» Exercise directions
Your answer should be one number, the count of lines in the records that carry the string "dxfattribs".

» Provided records
---

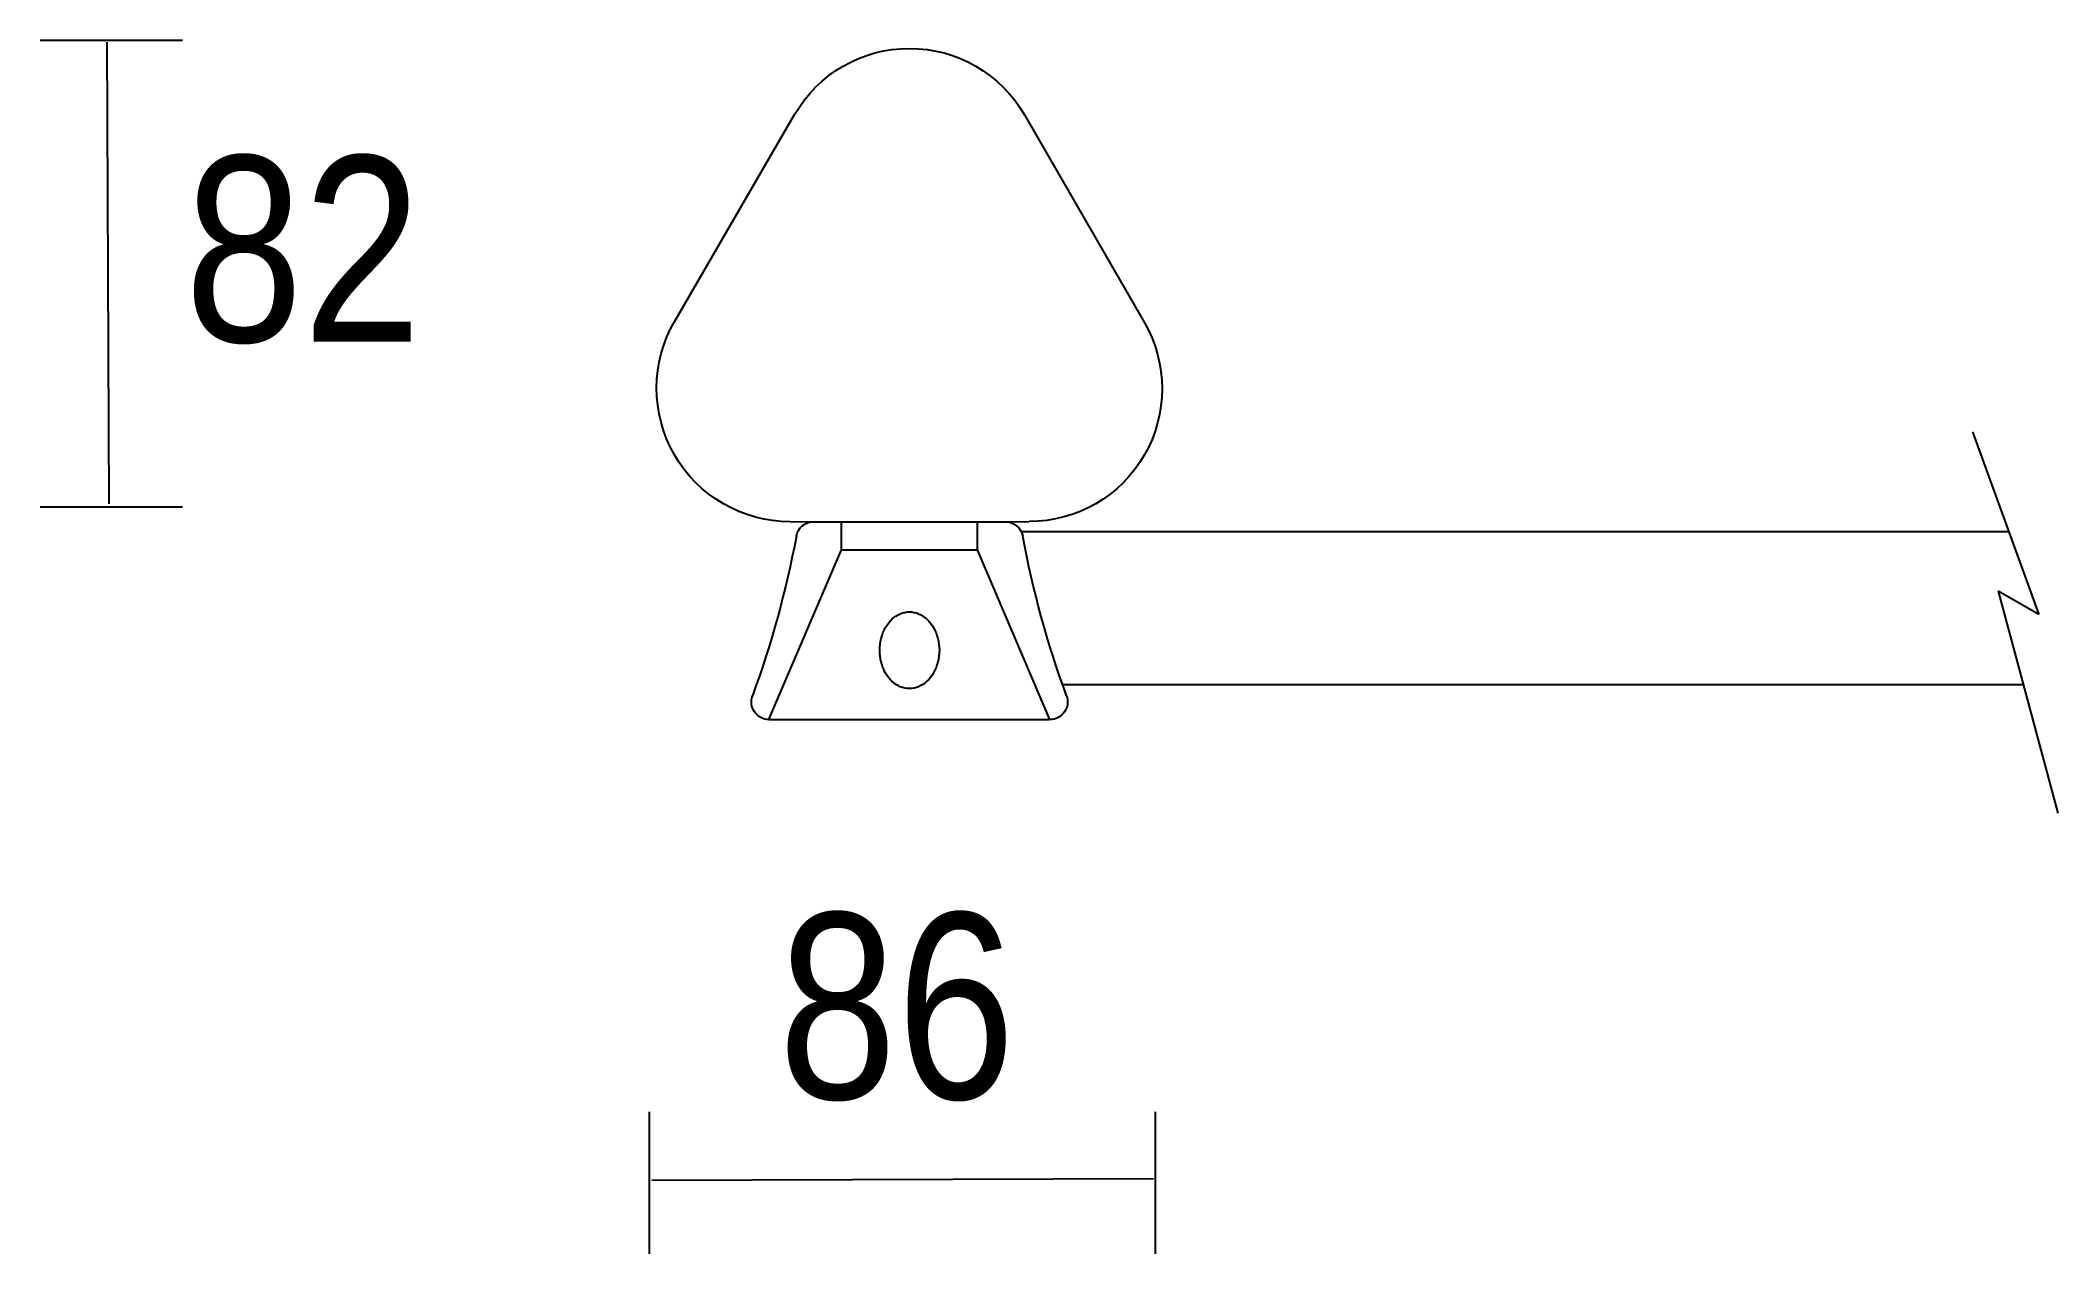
# Model space of a CAD drawing. Extents: x 20 to 160, y 87 to 171.
import ezdxf

# ---------------------------------------------------------------- set-up
doc = ezdxf.new("R2010")
doc.units = 0
doc.layers.add('LIVELLO_1', color=160, linetype='Continuous')
doc.styles.add('STD', font='txt')

# ---------------------------------------------------------------- blocks, each defined once
blk = doc.blocks.new('AI9-BLK1')
at = {"layer": 'LIVELLO_1', "color": 7}
for p, q in [((-70.19, 43.26), (-60.33, 43.26)), ((-65.42, 11.1), (-65.55, 43.14)), ((-26.18, 23.79), (-17.86, 38.11)), ((-1.91, 38.09), (6.39, 23.7)), ((63.84, 16.11), (68.46, 3.43)), ((-70.19, 10.9), (-60.33, 10.9)), ((-18.17, 9.87), (-1.58, 9.88)), ((-16.54, 9.87), (-3.25, 9.87)), ((-14.61, 7.92), (-14.61, 9.87)), ((-5.18, 7.92), (-5.18, 9.87)), ((66.36, 9.18), (-2.1, 9.18)), ((-0.15, -3.85), (-5.18, 7.92)), ((68.46, 3.43), (65.63, 5.06)), ((65.63, 5.06), (69.76, -10.35)), ((67.38, -1.45), (0.73, -1.45)), ((-19.64, -3.85), (-0.2, -3.85)), ((-27.96, -31.05), (-27.96, -40.9)), ((7.16, -31.05), (7.16, -40.9)), ((-27.76, -35.81), (7.04, -35.69))]:
    blk.add_line(p, q, dxfattribs=at)
for points in [[(-19.64, -3.85), (-14.61, 7.92), (-5.18, 7.92)], [(-9.89, 3.62), (-9.73, 3.61), (-9.57, 3.58), (-9.41, 3.54), (-9.26, 3.48), (-9.11, 3.42), (-8.96, 3.33), (-8.81, 3.23), (-8.68, 3.11), (-8.55, 2.98), (-8.43, 2.84), (-8.32, 2.68), (-8.22, 2.52), (-8.13, 2.34), (-8.05, 2.16), (-7.99, 1.98), (-7.93, 1.78), (-7.88, 1.58), (-7.85, 1.37), (-7.83, 1.16), (-7.82, 0.95), (-7.83, 0.75), (-7.85, 0.54), (-7.88, 0.33), (-7.93, 0.14), (-7.99, -0.06), (-8.05, -0.25), (-8.13, -0.43), (-8.22, -0.61), (-8.32, -0.77), (-8.43, -0.93), (-8.55, -1.07), (-8.68, -1.2), (-8.81, -1.31), (-8.96, -1.41), (-9.11, -1.5), (-9.26, -1.58), (-9.41, -1.63), (-9.57, -1.68), (-9.73, -1.7), (-9.89, -1.7), (-10.05, -1.7), (-10.22, -1.68), (-10.38, -1.63), (-10.53, -1.58), (-10.68, -1.5), (-10.83, -1.41), (-10.97, -1.31), (-11.11, -1.2), (-11.23, -1.07), (-11.36, -0.93), (-11.47, -0.77), (-11.57, -0.61), (-11.66, -0.43), (-11.74, -0.25), (-11.8, -0.06), (-11.86, 0.14), (-11.9, 0.33), (-11.93, 0.54), (-11.96, 0.75), (-11.96, 0.95), (-11.96, 1.16), (-11.93, 1.37), (-11.9, 1.58), (-11.86, 1.78), (-11.8, 1.98), (-11.74, 2.16), (-11.66, 2.34), (-11.57, 2.52), (-11.47, 2.68), (-11.36, 2.84), (-11.23, 2.98), (-11.11, 3.11), (-10.97, 3.23), (-10.83, 3.33), (-10.68, 3.42), (-10.53, 3.48), (-10.38, 3.54), (-10.22, 3.58), (-10.05, 3.61), (-9.89, 3.62)]]:
    blk.add_lwpolyline(points, dxfattribs=at)
for points in [[(-17.86, 38.11), (-16.21, 40.96), (-13.18, 42.7), (-9.89, 42.7), (-6.6, 42.7), (-3.55, 40.94), (-1.91, 38.09)], [(-18.17, 9.87), (-21.48, 9.87), (-24.54, 11.64), (-26.2, 14.51), (-27.85, 17.38), (-27.85, 20.92), (-26.18, 23.79)], [(6.39, 23.7), (8.04, 20.85), (8.04, 17.34), (6.39, 14.48), (4.76, 11.64), (1.71, 9.88), (-1.59, 9.88)], [(-19.64, -3.85), (-20.04, -3.85), (-20.41, -3.65), (-20.65, -3.32), (-20.87, -3), (-20.93, -2.57), (-20.79, -2.2)], [(1.01, -2.2), (1.14, -2.57), (1.08, -3), (0.85, -3.32), (0.62, -3.65), (0.25, -3.85), (-0.15, -3.85)]]:
    blk.add_open_spline(points, degree=3, knots=[0, 0, 0, 0, 1, 1, 1, 2, 2, 2, 2], dxfattribs=at)
for points in [[(-17.74, 8.87), (-17.64, 9.45), (-17.14, 9.87), (-16.54, 9.87)], [(-3.25, 9.87), (-2.65, 9.87), (-2.15, 9.45), (-2.04, 8.87)], [(-17.74, 8.87), (-18.46, 5.08), (-19.46, 1.43), (-20.79, -2.2)], [(1.01, -2.2), (-0.33, 1.43), (-1.33, 5.08), (-2.04, 8.87)]]:
    blk.add_open_spline(points, degree=3, dxfattribs=at)
at = {"layer": 'LIVELLO_1', "color": 7, "char_height": 12.8897, "attachment_point": 1, "style": 'STD'}
for s, insert in [('\\fArial Narrow|b0|i0;\\H12.8897;\\C7;82', (-60.18, 35.24)), ('\\fArial Narrow|b0|i0;\\H12.8897;\\C7;86', (-18.99, -17.27))]:
    blk.add_mtext(s, dxfattribs=dict(at, insert=insert))

msp = doc.modelspace()

# ---------------------------------------------------------------- block references
at = {"layer": 'LIVELLO_1', "color": 7}
msp.add_blockref('AI9-BLK1', (90.462954, 128.080726), dxfattribs=at)

doc.saveas('drawing.dxf')

---

» Task response
6